Mais um Gaivosa para a posteridade

O Quinta da Gaivosa de 2011 está a chegar ao mercado. E promete tornar-se um novo ícone da casa, mesmo que seja difícil repetir a proeza do genial 1995 ou o soberbo 2003. Mas sabe-se que a Gaivosa faz grandes vinhos nos anos vintage (o que nem sempre acontece com os DOC Douro provenientes das zonas mais quentes junto ao rio) e 2011 não é excepção. Este Gaivosa é um vinho que irradia impressões balsâmicas (caruma, aromas de bosque), fruta preta elegante e sofisticada, onde tudo parece situar-se em proporções perfeitas. A origem em vinhas com mais de 80 anos, onde dominam as castas Touriga Franca, Touriga Nacional e Tinto Cão, confere-lhe elegância, profundidade e grandeza e a altitude e exposição garantem-lhe uma notável graça e frescura natural. É um vinho com uma profundidade e complexidade extraordinários. (Preço: 34.90; Classificação: 96 pontos)

Ao mercado está também a chegar um lote de 3500 garrafas do Vinha de Lordelo de 2011, que em comparação com o Gaivosa é mais sisudo e fechado e com um carácter aromático menos expressivo. É outro grande vinho dos Alves de Sousa, cheio de finesse, elegância, uma doçura contida e bem conjugada no conjunto que o tornam mais fácil de beber. Harmonioso e polido, é uma delícia para os sentidos. (Preço: 64 euros; Pontuação: 94 pontos).

As novas vinhas começam entretanto a afinar o nível da sua produção. O Gaivosa Primeiros Anos de 2012 tem essa proveniência. É um vinho muito atraente, com aroma intenso de fruta, taninos vivos que lhe conferem fulgor e juventude e notas de madeira bem integradas no conjunto. (Preço: 12.90; Pontuação: 88 pontos).

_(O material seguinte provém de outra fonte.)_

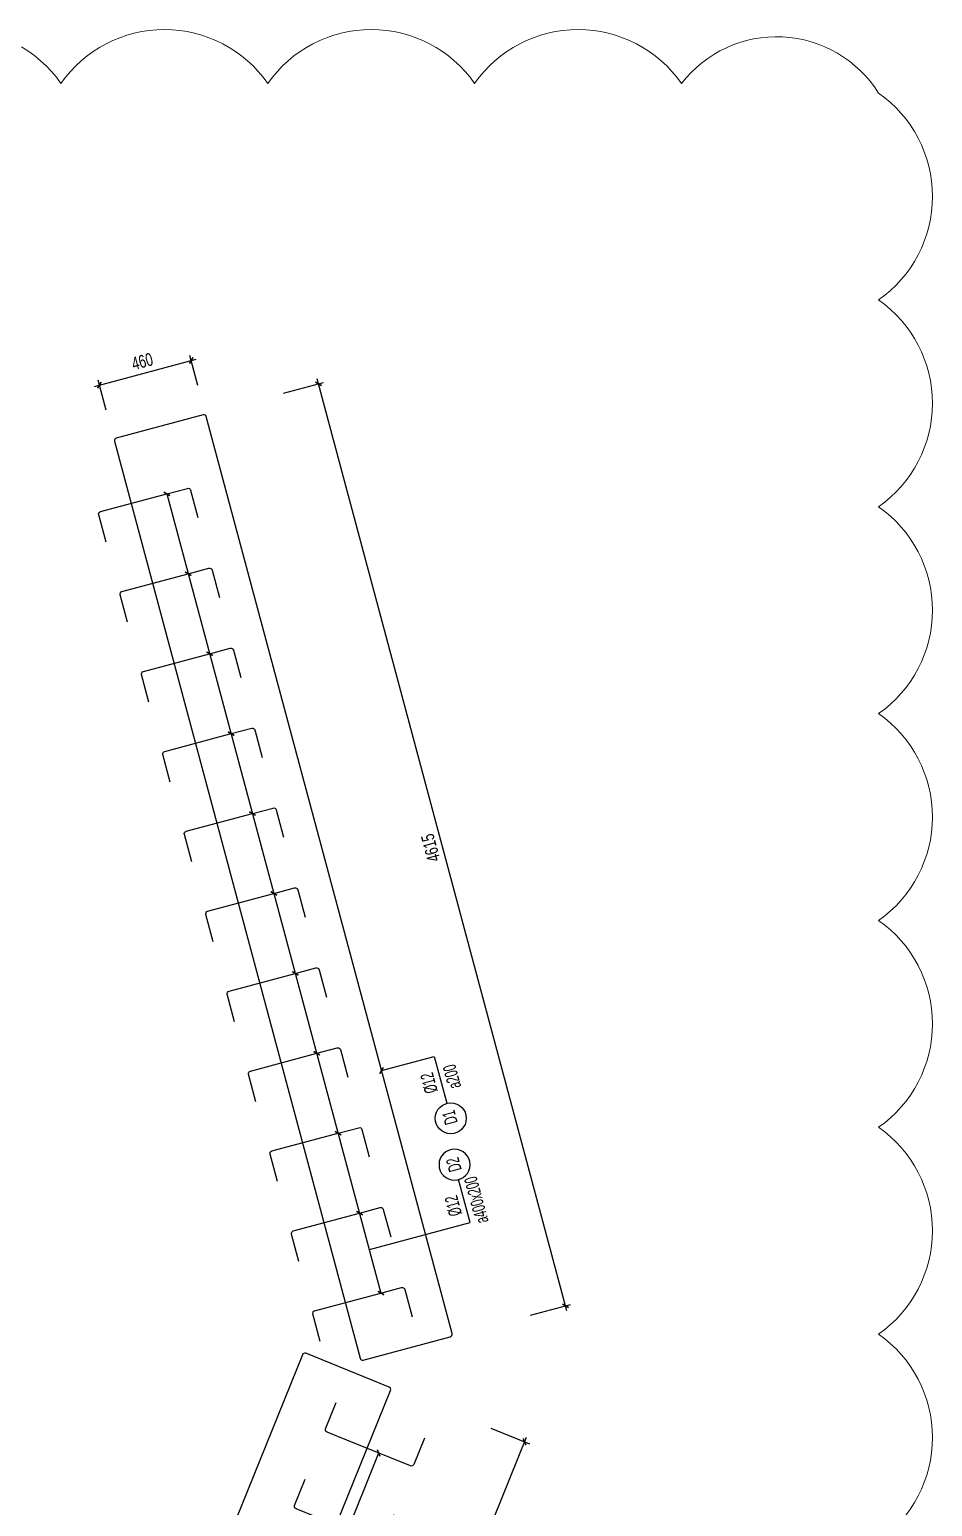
# Model space of a CAD drawing. Header units: millimetres. Extents: x -147841 to 368790, y -162721 to 84261.
# Drawn here: x 364424 to 368790, y -95613 to -88473 of the extents above; entities that cross this region are included whole.
import ezdxf
from ezdxf.enums import TextEntityAlignment as Align

# ---------------------------------------------------------------- set-up
doc = ezdxf.new("R2010")
doc.units = ezdxf.units.MM
doc.header["$LTSCALE"] = 1000
doc.header["$MEASUREMENT"] = 0
doc.header["$PDMODE"] = 1
doc.header["$PDSIZE"] = -10
doc.layers.get('0').update_dxf_attribs({"linetype": 'CONTINUOUS', "lineweight": 18})
doc.layers.get('DEFPOINTS').update_dxf_attribs({"color": 5, "linetype": 'CONTINUOUS', "lineweight": 18})
for name, color, linetype in [('ccu11-Manh', 8, 'CONTINUOUS'), ('ccu11-Thay', 7, 'CONTINUOUS'), ('ccu11-Thepdai', 6, 'CONTINUOUS'), ('KC-Cotthep', 8, 'CONTINUOUS'), ('KC-Dim', 8, 'CONTINUOUS')]:
    doc.layers.add(name, color=color, linetype=linetype)
doc.styles.add('ARIAL', font='arial.ttf', dxfattribs={"width": 0.7})
doc.styles.add('ccu11-dim', font='vnsimli.shx', dxfattribs={"width": 0.65, "bigfont": 'bigfont.shx'})
doc.dimstyles.new('2.5-25', dxfattribs={"dimscale": 25, "dimtxt": 2.5, "dimasz": 1, "dimexe": 1, "dimexo": 2, "dimgap": 1, "dimtad": 1, "dimdec": 1, "dimrnd": 5, "dimdsep": 46, "dimtxsty": 'ARIAL', "dimblk": 'ARCHTICK', "dimcen": -1, "dimdle": 1, "dimclrd": 256, "dimclre": 256, "dimclrt": 3, "dimadec": 0, "dimazin": 2, "dimtfac": 0.1, "dimtdec": 1, "dimtmove": 0, "dimatfit": 1, "dimldrblk": 'ARCHTICK', "dimfxl": 1, "dimtvp": 0.833333, "dimtfill": 1, "dimtolj": 1, "dimtzin": 12, "dimarcsym": 0})
doc.dimstyles.new('ccu11-100x4', dxfattribs={"dimscale": 100, "dimtxt": 2.5, "dimasz": 1, "dimexe": 1, "dimexo": 2, "dimgap": 1, "dimtad": 1, "dimdec": 0, "dimlfac": 0.25, "dimdsep": 46, "dimtxsty": 'ccu11-dim', "dimblk": 'ARCHTICK', "dimcen": -1, "dimdle": 1, "dimclrd": 256, "dimclre": 256, "dimclrt": 31, "dimadec": 0, "dimazin": 2, "dimtfac": 0.1, "dimtdec": 0, "dimtmove": 0, "dimatfit": 1, "dimldrblk": 'ARCHTICK', "dimfxl": 1, "dimtvp": 0.833333, "dimtolj": 1, "dimtzin": 12, "dimarcsym": 0})

# ---------------------------------------------------------------- blocks, each defined once
blk = doc.blocks.new('_ARCHTICK')
at = {"color": 0, "linetype": 'ByBlock', "const_width": 0.3}
blk.add_lwpolyline([(-0.5, -0.5), (0.5, 0.5)], dxfattribs=at)
blk = doc.blocks.new('att_thep_2')
blk.add_circle((-300, 0), 300)
at = {"color": 3, "style": 'ARIAL', "width": 0.6}
blk.add_attdef('DK', text='', height=250, dxfattribs=at).set_placement((467, 105), align=Align.CENTER)
at = {"color": 31, "style": 'ARIAL', "width": 0.6}
blk.add_attdef('SH', text='', height=250, dxfattribs=at).set_placement((-281, -111), align=Align.CENTER)
at = {"color": 2, "style": 'ARIAL', "width": 0.6}
blk.add_attdef('KC', text='', height=250, dxfattribs=at).set_placement((472, -355), align=Align.CENTER)
blk = doc.blocks.new('*D1090')
at = {"layer": 'DEFPOINTS', "color": 0, "ltscale": 3000, "transparency": 16777216}
for p in [(365821.3, -90185.4), (365053.5, -90391.1), (366247.8, -94848.4)]:
    blk.add_point(p, dxfattribs=at)
at = {"layer": 'KC-Dim', "lineweight": -2, "ltscale": 3000, "transparency": 16777216}
for p, q in [((365652.3, -90230.6), (365845.5, -90178.9)), ((367022.1, -94666.8), (365814.8, -90161.2)), ((366846.6, -94687.9), (367039.8, -94636.2))]:
    blk.add_line(p, q, dxfattribs=at)
at = {"layer": 'KC-Dim', "lineweight": -2, "ltscale": 3000, "transparency": 16777216, "xscale": 25, "yscale": 25, "zscale": 25}
for p, rotation in [((365821.3, -90185.4), 105.0000000000023), ((367015.6, -94642.6), 285.0000000000023)]:
    blk.add_blockref('_ARCHTICK', p, dxfattribs=dict(at, rotation=rotation))
at = {"layer": 'KC-Dim', "color": 3, "ltscale": 3000, "transparency": 16777216, "insert": (366363.5, -92428.7), "char_height": 62.5, "attachment_point": 5, "rotation": 105, "style": 'ARIAL', "bg_fill": 3, "box_fill_scale": 1.25, "bg_fill_color": 256, "bg_fill_true_color": 13158600, "bg_fill_transparency": 0}
blk.add_mtext('\\A1;4615', dxfattribs=at)
blk = doc.blocks.new('*D1091')
at = {"layer": 'DEFPOINTS', "color": 0, "ltscale": 3000, "transparency": 16777216}
for p in [(365961.4, -94954), (366817.4, -95300.2), (365068.9, -97160.3)]:
    blk.add_point(p, dxfattribs=at)
at = {"layer": 'KC-Dim', "lineweight": -2, "ltscale": 3000, "transparency": 16777216}
for p, q in [((366655.2, -95234.6), (366840.6, -95309.6)), ((365915.6, -97529.7), (366826.8, -95277)), ((365762.7, -97440.9), (365948.1, -97515.9))]:
    blk.add_line(p, q, dxfattribs=at)
at = {"layer": 'KC-Dim', "lineweight": -2, "ltscale": 3000, "transparency": 16777216, "xscale": 25, "yscale": 25, "zscale": 25}
for p, rotation in [((366817.4, -95300.2), 67.97712838462095), ((365924.9, -97506.6), 247.977128384621)]:
    blk.add_blockref('_ARCHTICK', p, dxfattribs=dict(at, rotation=rotation))
at = {"layer": 'KC-Dim', "color": 3, "ltscale": 3000, "transparency": 16777216, "insert": (366318.4, -96382), "char_height": 62.5, "attachment_point": 5, "rotation": 67.97713, "style": 'ARIAL', "bg_fill": 3, "box_fill_scale": 1.25, "bg_fill_color": 256, "bg_fill_true_color": 13158600, "bg_fill_transparency": 0}
blk.add_mtext('\\A1;2380', dxfattribs=at)
blk = doc.blocks.new('*D1097')
at = {"layer": 'DEFPOINTS', "color": 0, "ltscale": 3000, "transparency": 16777216}
for p in [(365206.3, -90072.5), (365251.6, -90241.5), (364807.2, -90360.6)]:
    blk.add_point(p, dxfattribs=at)
at = {"layer": 'KC-Dim', "lineweight": -2, "ltscale": 3000, "transparency": 16777216}
for p, q in [((364737.8, -90198), (365230.4, -90066)), ((365238.6, -90193.3), (365199.8, -90048.4)), ((364794.3, -90312.3), (364755.5, -90167.4))]:
    blk.add_line(p, q, dxfattribs=at)
at = {"layer": 'KC-Dim', "lineweight": -2, "ltscale": 3000, "transparency": 16777216, "xscale": 25, "yscale": 25, "zscale": 25}
for p, rotation in [((365206.3, -90072.5), 15.00000000027781), ((364761.9, -90191.6), 195.0000000002778)]:
    blk.add_blockref('_ARCHTICK', p, dxfattribs=dict(at, rotation=rotation))
at = {"layer": 'KC-Dim', "color": 3, "ltscale": 3000, "transparency": 16777216, "insert": (364969.4, -90077.1), "char_height": 62.5, "attachment_point": 5, "rotation": 15, "style": 'ARIAL', "bg_fill": 3, "box_fill_scale": 1.25, "bg_fill_color": 256, "bg_fill_true_color": 13158600, "bg_fill_transparency": 0}
blk.add_mtext('\\A1;460', dxfattribs=at)
blk = doc.blocks.new('*U1600')
at = {"layer": 'ccu11-Thepdai', "flags": 128}
blk.add_lwpolyline([(75, 230), (-62.5, 230, 0.414214), (-75, 217.5), (-75, -114.4), (-75, -217.5, 0.414214), (-62.5, -230), (75, -230)], format="xyb", dxfattribs=at)
blk = doc.blocks.new('*U1599')
at = {"layer": 'ccu11-Thay', "color": 0, "linetype": 'ByBlock', "lineweight": -2, "transparency": 16777216}
for p in [(0, 0), (400, 0), (800, 0), (1200, 0), (1600, 0)]:
    blk.add_blockref('*U1600', p, dxfattribs=at)
blk = doc.blocks.new('*U1602')
at = {"layer": 'ccu11-Thepdai', "flags": 128}
blk.add_lwpolyline([(75, 230), (-62.5, 230, 0.414214), (-75, 217.5), (-75, -114.4), (-75, -217.5, 0.414214), (-62.5, -230), (75, -230)], format="xyb", dxfattribs=at)
blk = doc.blocks.new('*U1601')
at = {"layer": 'ccu11-Thay', "color": 0, "linetype": 'ByBlock', "lineweight": -2, "transparency": 16777216}
for p in [(0, 0), (400, 0), (800, 0), (1200, 0), (1600, 0), (2000, 0), (2400, 0), (2800, 0), (3200, 0), (3600, 0), (4000, 0)]:
    blk.add_blockref('*U1602', p, dxfattribs=at)

msp = doc.modelspace()

# ---------------------------------------------------------------- linework, layer by layer
at = {"layer": 'ccu11-Thepdai'}
for points in [[(366466.77, -94776.76), (365278.91, -90343.63, 0.4142136), (365263.6, -90334.79), (364843.43, -90447.38, 0.4142136), (364834.59, -90462.68), (366022.44, -94895.82, 0.4142136), (366037.75, -94904.66), (366457.93, -94792.07, 0.4142136)], [(365286.83, -97234.96), (366169.9, -95051.8, 0.4142136), (366163, -95035.52), (365759.74, -94872.41, 0.4142136), (365743.47, -94879.31), (364860.4, -97062.47, 0.4142136), (364867.3, -97078.75), (365270.56, -97241.86, 0.4142136)]]:
    msp.add_lwpolyline(points, format="xyb", close=True, dxfattribs=at)
at = {"layer": 'KC-Dim', "ltscale": 3000}
msp.add_lwpolyline([(365088.02, -90717.26), (366123.29, -94580.96)], dxfattribs=at)

# ---------------------------------------------------------------- block references
at = {"layer": 'KC-Cotthep'}
ref = msp.add_blockref('att_thep_2', (366441.2, -93663.74), dxfattribs=dict(at, xscale=0.25, yscale=0.25, zscale=0.25, rotation=105.0000000000014))
ref.add_attrib('KC', 'a200', dxfattribs={"layer": '0', "color": 2, "height": 62.5, "rotation": 105, "style": 'ARIAL', "width": 0.6}).set_placement((366496.46, -93526.8), align=Align.CENTER)
ref.add_attrib('DK', '%%C12', dxfattribs={"layer": '0', "color": 215, "height": 62.5, "rotation": 105, "style": 'ARIAL', "width": 0.6}).set_placement((366385.55, -93557.88), align=Align.CENTER)
ref.add_attrib('SH', 'D1', dxfattribs={"layer": '0', "color": 31, "height": 62.5, "rotation": 105, "style": 'ARIAL', "width": 0.6}).set_placement((366486.3, -93724.38), align=Align.CENTER)
ref = msp.add_blockref('att_thep_2', (366498.26, -94032.89), dxfattribs=dict(at, xscale=-0.25, yscale=0.25, zscale=0.25, rotation=105.0000000000014))
ref.add_attrib('KC', 'a400x200', dxfattribs={"layer": '0', "color": 2, "height": 62.5, "rotation": 105, "style": 'ARIAL', "width": 0.6}).set_placement((366614.43, -94123.25), align=Align.CENTER)
ref.add_attrib('DK', '%%C12', dxfattribs={"layer": '0', "color": 215, "height": 62.5, "rotation": 105, "style": 'ARIAL', "width": 0.6}).set_placement((366502.83, -94151.76), align=Align.CENTER)
ref.add_attrib('SH', 'D2', dxfattribs={"layer": '0', "color": 31, "height": 62.5, "rotation": 105, "style": 'ARIAL', "width": 0.6}).set_placement((366505.56, -93952.43), align=Align.CENTER)
at = {"layer": 'KC-Dim', "ltscale": 3000, "xscale": 25, "yscale": 25, "zscale": 25, "rotation": 105.0000000000004}
for p in [(365088.02, -90717.26), (365191.55, -91103.63), (365295.07, -91490), (365398.6, -91876.37), (365502.13, -92262.74), (365605.66, -92649.11), (365709.18, -93035.48), (365812.71, -93421.85), (365916.24, -93808.22), (366019.77, -94194.59), (366123.29, -94580.96)]:
    msp.add_blockref('_ARCHTICK', p, dxfattribs=at)

# ---------------------------------------------------------------- leaders
at = {"layer": 'ccu11-Manh', "ltscale": 3000}
for points in [[(366126.06, -93505.24), (366380.46, -93437.08), (366441.2, -93663.74)], [(366112.06, -95354.32), (365616.68, -96579.04), (366035.39, -96748.4)]]:
    msp.add_leader(points, dimstyle='ccu11-100x4', override={"dimasz": 0.25, "dimtad": 0}, dxfattribs=at)
at = {"layer": 'ccu11-Manh', "ltscale": 10}
msp.add_leader([(366067.07, -94371.11), (366553.93, -94240.66), (366497.95, -94031.72)], dimstyle='ccu11-100x4', override={"dimgap": 1, "dimtad": 0, "dimldrblk": 'None'}, dxfattribs=at)

# ---------------------------------------------------------------- next in the draw order: dimensions: what is measured, and where the dimension line sits
at = {"layer": 'KC-Dim', "ltscale": 3000}
dim = msp.add_linear_dim(base=(365821.31, -90185.35), p1=(366247.84, -94848.36), p2=(365053.51, -90391.08), angle=105, dimstyle='2.5-25', override={"dimfxl": 7, "dimfxlon": 1}, dxfattribs=at)
dim.commit()
dim.dimension.update_dxf_attribs({"geometry": '*D1090', "text_midpoint": (366363.5, -92428.72)})
dim = msp.add_aligned_dim(p1=(365068.93, -97160.31), p2=(365961.37, -94953.97), distance=-923.39, dimstyle='2.5-25', override={"dimfxl": 7, "dimfxlon": 1}, dxfattribs=at)
dim.commit()
dim.dimension.update_dxf_attribs({"geometry": '*D1091', "text_midpoint": (366318.38, -96382.04)})

# ---------------------------------------------------------------- next in the draw order: block references
at = {"layer": 'ccu11-Thay', "xscale": -1}
for name, p, rotation in [('*U1601', (364996.9, -90819.32), 105.0000000000057), ('*U1599', (365492.45, -96748.72), 247.9771283846035)]:
    msp.add_blockref(name, p, dxfattribs=dict(at, rotation=rotation))

# ---------------------------------------------------------------- next in the draw order: dimensions: what is measured, and where the dimension line sits
at = {"layer": 'KC-Dim', "ltscale": 3000}
dim = msp.add_aligned_dim(p1=(364807.23, -90360.61), p2=(365251.56, -90241.55), distance=175, dimstyle='2.5-25', override={"dimfxl": 7, "dimfxlon": 1}, dxfattribs=at)
dim.commit()
dim.dimension.update_dxf_attribs({"geometry": '*D1097', "text_midpoint": (364969.37, -90077.07)})

# ---------------------------------------------------------------- next in the draw order: linework, layer by layer
at = {"layer": 'DEFPOINTS', "color": 1, "flags": 128}
msp.add_lwpolyline([(357576.15, -88732.8, -0.5205671), (358576.15, -88732.8, -0.5205671), (359576.15, -88732.8, -0.5205671), (360576.15, -88732.8, -0.5205671), (361576.15, -88732.8, -0.5205671), (362576.15, -88732.8, -0.5205671), (363576.15, -88732.8, -0.5205671), (364576.15, -88732.8, -0.5205671), (365576.15, -88732.8, -0.5205671), (366576.15, -88732.8, -0.5205671), (367576.15, -88732.8, -0.5205671), (368529.27, -88779.68, -0.5205671), (368529.27, -89779.68, -0.5205671), (368529.27, -90779.68, -0.5205671), (368529.27, -91779.68, -0.5205671), (368529.27, -92779.68, -0.5205671), (368529.27, -93779.68, -0.5205671), (368529.27, -94779.68, -0.5205671), (368529.27, -95779.68, -0.5205671)], format="xyb", dxfattribs=at)

doc.saveas('drawing.dxf')

Os Alves de Sousa lançaram ainda três brancos de valor desigual. Um Pessoal de 2008 de grande nível, com os efeitos da oxidação a conferirem-lhe aromas de resina, notas cítricas e mel muito bem harmonizados com uma acidez viva que lhe garante tensão e lhe garante uma vocação gastronómica. É um branco velho de classe pura. (Preço: 30 euros; Pontuação: 92). O Branco da Gaivosa Grande Reserva de 2013 revela a passagem por madeira, um volume de boca notável e uma acidez discreta que lhe permite acentuar a dimensão da fruta. (Preço: 24.50; Pontuação: 88). O Vale da Raposa de 2005 por sua vez é um branco bem mais brando e redondo, com boa fruta mas que carece de um pouco de mineralidade e de tensão (Preço: 10.50; Pontuação: 84).

Nos últimos anos, a família Alves de Sousa tem reforçado a sua presença no vinho do Porto, num movimento que de alguma forma sublinha um regresso às origens. Os seus tawnies (10 e 20 anos) são de um nível muito bom. O LBV Gaivosa de 2012 carece ainda de algum aprimoramento do tempo (não passou por um processo de filtração completa, o que lhe permite envelhecer), mas mostra potencial na sua riqueza aromática e na sua boa estrutura (Preço: 19.80; Pontuação: 88). Já o vintage de 2013 está numa óptima forma para um ano não clássico e compara com os melhores vinhos do ano (Preço: 49.50; Pontuação: 92). Caso para se reconhecer que, como nos DOC Douro, a família Alves de Sousa está a caminho de se tornar um caso sério também no vinho do Porto.